Es wäre nett, wenn mich einer aufklären könnte. 
Morgen geht es nämlich schon los nach Holland.

Gruß Marcel


----------



## hannes (5. Juni 2007)

*AW: Angeln auf dem Verse Meer/Vispas*

Nutze einmal die >Suche<funktion, mit dem Stichwort Vispas wirst du sehr ausführliche Info´s finden - ist alles beschrieben darunter und etliche Links führen auch direkt zu niederländischen Info´s


----------



## Jockel13883 (5. Juni 2007)

*AW: Angeln auf dem Verse Meer/Vispas*

Du brauchst fürs veerse meer den vispas der federatie zuidvest-nederland und sonst gar nichts, da stehen auch die für Boote gesperrten Gebiete und die nicht begehbaren Uferabschnitte drin.


----------



## barsch-jäger (8. Juni 2007)

*AW: Angeln auf dem Verse Meer/Vispas*

moinsen#h
Was fangt ihr denn so im Veersemeer?? Habe vor 2 Jahren dort Forellen gefangen, aber dieses Jahr schien mir das gewässer wie fischleer#c

Gruß/Flo


----------



## sporti2000 (15. Juni 2007)

*AW: Angeln auf dem Verse Meer/Vispas*

Hier ein kleiner Bericht über das Verse Meer.

Vor ein paar Jahren wurde die Schleuse zur Osterschelde wieder aufgemacht. (Ich glaube 2002)
Danach sind die Forellen wohl zum größenteil verschwunden, so dass mittlerweile fast keine mehr da sind.
So haben es mir mehrere Angler berichtet.
Zwischen den Booten im Hafen schwammen einige ordentliche Meeräschen. Davon konnte ich eine schöne von 61 cm überlisten.
Ansonsten konnte ich noch einen Hornhecht fangen.
Eine Forelle zu fangen, war irgendwie aussichtslos.
Im Anhang habe ich noch ein paar Fotos.

Gruß sporti


----------



## barsch-jäger (15. Juni 2007)

*AW: Angeln auf dem Verse Meer/Vispas*

@sporti2000: War jetzt dieses Jahr dort, davor das letzte mal 2005. 2005 konnetn wir noch ein par Forellen fangen, ein par bafos und eine MeFo oder verfärbte regebogenforelle.
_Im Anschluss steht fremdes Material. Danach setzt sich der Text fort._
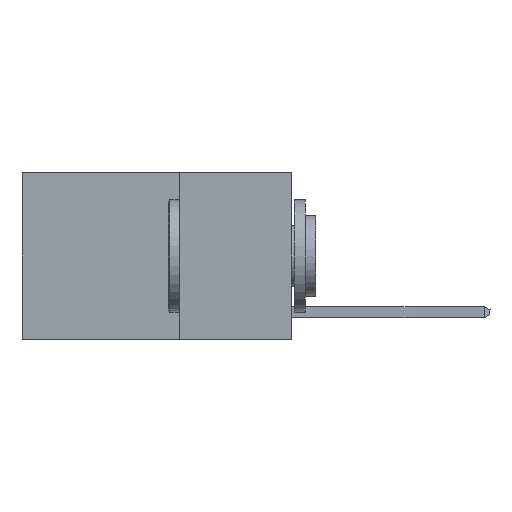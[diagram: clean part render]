
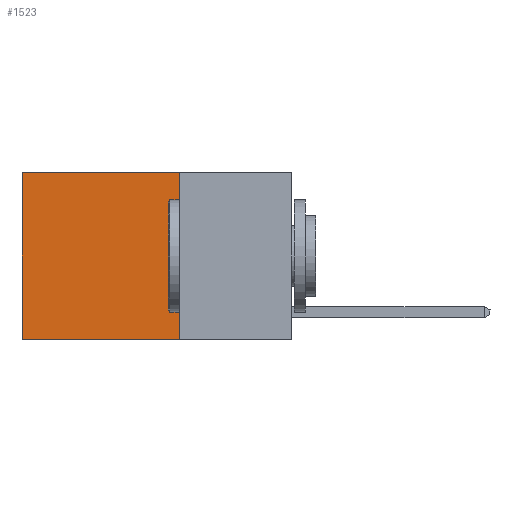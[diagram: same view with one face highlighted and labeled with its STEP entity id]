
A CAD part, left-side view. The second image highlights one B-rep face of the part: STEP entity #1523.
In plain terms, the highlighted planar face has unit normal (-1, 0, 0).
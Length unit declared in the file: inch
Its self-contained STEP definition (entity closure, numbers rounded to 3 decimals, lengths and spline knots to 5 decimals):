
#1001 = VERTEX_POINT ( 'NONE', #16986 ) ;
#1350 = VECTOR ( 'NONE', #11705, 39.37008 ) ;
#1523 = ADVANCED_FACE ( 'NONE', ( #8524 ), #16083, .F. ) ;
#1817 = CARTESIAN_POINT ( 'NONE',  ( 0.2625, 0.6, 0. ) ) ;
#1929 = LINE ( 'NONE', #6639, #17130 ) ;
#1994 = VERTEX_POINT ( 'NONE', #12060 ) ;
#3223 = DIRECTION ( 'NONE',  ( 0., 0., -1. ) ) ;
#3523 = ORIENTED_EDGE ( 'NONE', *, *, #3929, .T. ) ;
#3868 = ORIENTED_EDGE ( 'NONE', *, *, #16381, .F. ) ;
#3929 = EDGE_CURVE ( 'NONE', #1994, #1001, #9975, .T. ) ;
#5534 = CARTESIAN_POINT ( 'NONE',  ( 0.2625, 0.25, 0. ) ) ;
#6639 = CARTESIAN_POINT ( 'NONE',  ( 0.2625, 0.25, -0.37 ) ) ;
#6945 = VERTEX_POINT ( 'NONE', #17573 ) ;
#7613 = LINE ( 'NONE', #11644, #1350 ) ;
#7827 = AXIS2_PLACEMENT_3D ( 'NONE', #9214, #14791, #9277 ) ;
#8312 = VERTEX_POINT ( 'NONE', #15282 ) ;
#8524 = FACE_OUTER_BOUND ( 'NONE', #16517, .T. ) ;
#9214 = CARTESIAN_POINT ( 'NONE',  ( 0.2625, 0.25, 0. ) ) ;
#9277 = DIRECTION ( 'NONE',  ( 0., 0., -1. ) ) ;
#9975 = LINE ( 'NONE', #1817, #11284 ) ;
#11284 = VECTOR ( 'NONE', #3223, 39.37008 ) ;
#11528 = EDGE_CURVE ( 'NONE', #6945, #1994, #17157, .T. ) ;
#11644 = CARTESIAN_POINT ( 'NONE',  ( 0.2625, 0.25, 0. ) ) ;
#11705 = DIRECTION ( 'NONE',  ( 0., 0., -1. ) ) ;
#12060 = CARTESIAN_POINT ( 'NONE',  ( 0.2625, 0.6, 0. ) ) ;
#12096 = EDGE_CURVE ( 'NONE', #8312, #1001, #1929, .T. ) ;
#12230 = DIRECTION ( 'NONE',  ( 0., 1., 0. ) ) ;
#13055 = ORIENTED_EDGE ( 'NONE', *, *, #12096, .F. ) ;
#14014 = DIRECTION ( 'NONE',  ( 0., 1., 0. ) ) ;
#14791 = DIRECTION ( 'NONE',  ( 1., 0., 0. ) ) ;
#14979 = ORIENTED_EDGE ( 'NONE', *, *, #11528, .T. ) ;
#15282 = CARTESIAN_POINT ( 'NONE',  ( 0.2625, 0.25, -0.37 ) ) ;
#15378 = VECTOR ( 'NONE', #14014, 39.37008 ) ;
#16083 = PLANE ( 'NONE',  #7827 ) ;
#16381 = EDGE_CURVE ( 'NONE', #6945, #8312, #7613, .T. ) ;
#16517 = EDGE_LOOP ( 'NONE', ( #3523, #13055, #3868, #14979 ) ) ;
#16986 = CARTESIAN_POINT ( 'NONE',  ( 0.2625, 0.6, -0.37 ) ) ;
#17130 = VECTOR ( 'NONE', #12230, 39.37008 ) ;
#17157 = LINE ( 'NONE', #5534, #15378 ) ;
#17573 = CARTESIAN_POINT ( 'NONE',  ( 0.2625, 0.25, 0. ) ) ;

Wie hast du die Meeräsche gefangen?

Gruß/Flo


----------



## sporti2000 (18. Juni 2007)

*AW: Angeln auf dem Verse Meer/Vispas*

Hi,

die Meeräsche habe ich nach langen ausprobieren, einfach mit Brot an der Oberfläche gefangen.
Gibt es vielleicht hier noch andere, die über Ihre Erfahrungen vom Verse Meer berichten können?


----------



## totaler Spinner (18. Juni 2007)

*AW: Angeln auf dem Verse Meer/Vispas*

Hi,
welchen Vispas hast du den jetzt gebraucht? Ich hätte auch auf den Zeevispas (in Verbindung mit irgendeinem anderen Vispas) getippt. Ist doch für Salzige Binnengewässer, also Veerse und Grevelingermmer, oder?|kopfkrat

Die Schleuse zur Oosterschelde war immer offen. Man hat aber vor paar Jahren angefangen bei Hochwasser Salzwasser aus der Oosterschelde ins Veersemeer einzuleiten, und bei Niedrigwasser Süß / Brackwasser ausfliesen zu lassen, der Wasserqualität wegen.


----------



## sporti2000 (18. Juni 2007)

*AW: Angeln auf dem Verse Meer/Vispas*

Ja genau ich habe den Zeevispas gekauft, hat mich ingesamt 17,50 Euro gekostet, für dass ganze Jahr. Den Preis finde ich echt ok.
Hast du denn auch Informationen, dass dort keine Forellen mehr gefangen werden?

Gruß Marcel


----------



## totaler Spinner (19. Juni 2007)

*AW: Angeln auf dem Verse Meer/Vispas*

Ich bin noch nicht dazugekommen im Veersmeer zu angeln obwohl ich die letzten Jahre paar mal durchgesegelt bin. Beim Schwimmen im Veersemeer war ich auch überrascht wie salzig das Wasser ist, aber ich bin mir nicht sicher ob das für die Forellen ein Problem ist. Ich hab mal gehört dass dort jährlich ca.12000 Forellen eingesetzt werden.
Hier ist noch ein bericht über die verschwundenen Forellen:

http://www.pzc.nl/zeeland/algemeen/article450508.ece

So wie ich es verstanden habe ist man sich der Sache auch nicht sicher. Es wird vermutet dass sie z.T. in die Oosterschelde und den Kanaal door Walcheren abhauen, vermehrt durch einen Parasiten(?) (Zalmluizen) befallen werden, der besser im Satzwasser gedeiht, oder das sie sich wegen der verbesserten Wasserqualität in den tiefen Teilen des Veersemeers befinden.
(bitte berichtigt wen was falsch übersetzt wurde)


----------



## sporti2000 (21. Juni 2007)

*AW: Angeln auf dem Verse Meer/Vispas*

Ich habe von Anglern gehört, dass dieses Jahr nur noch 50 markierte Forellen eingesetzt wurden, um zu sehen, wo diese hinwandern.


----------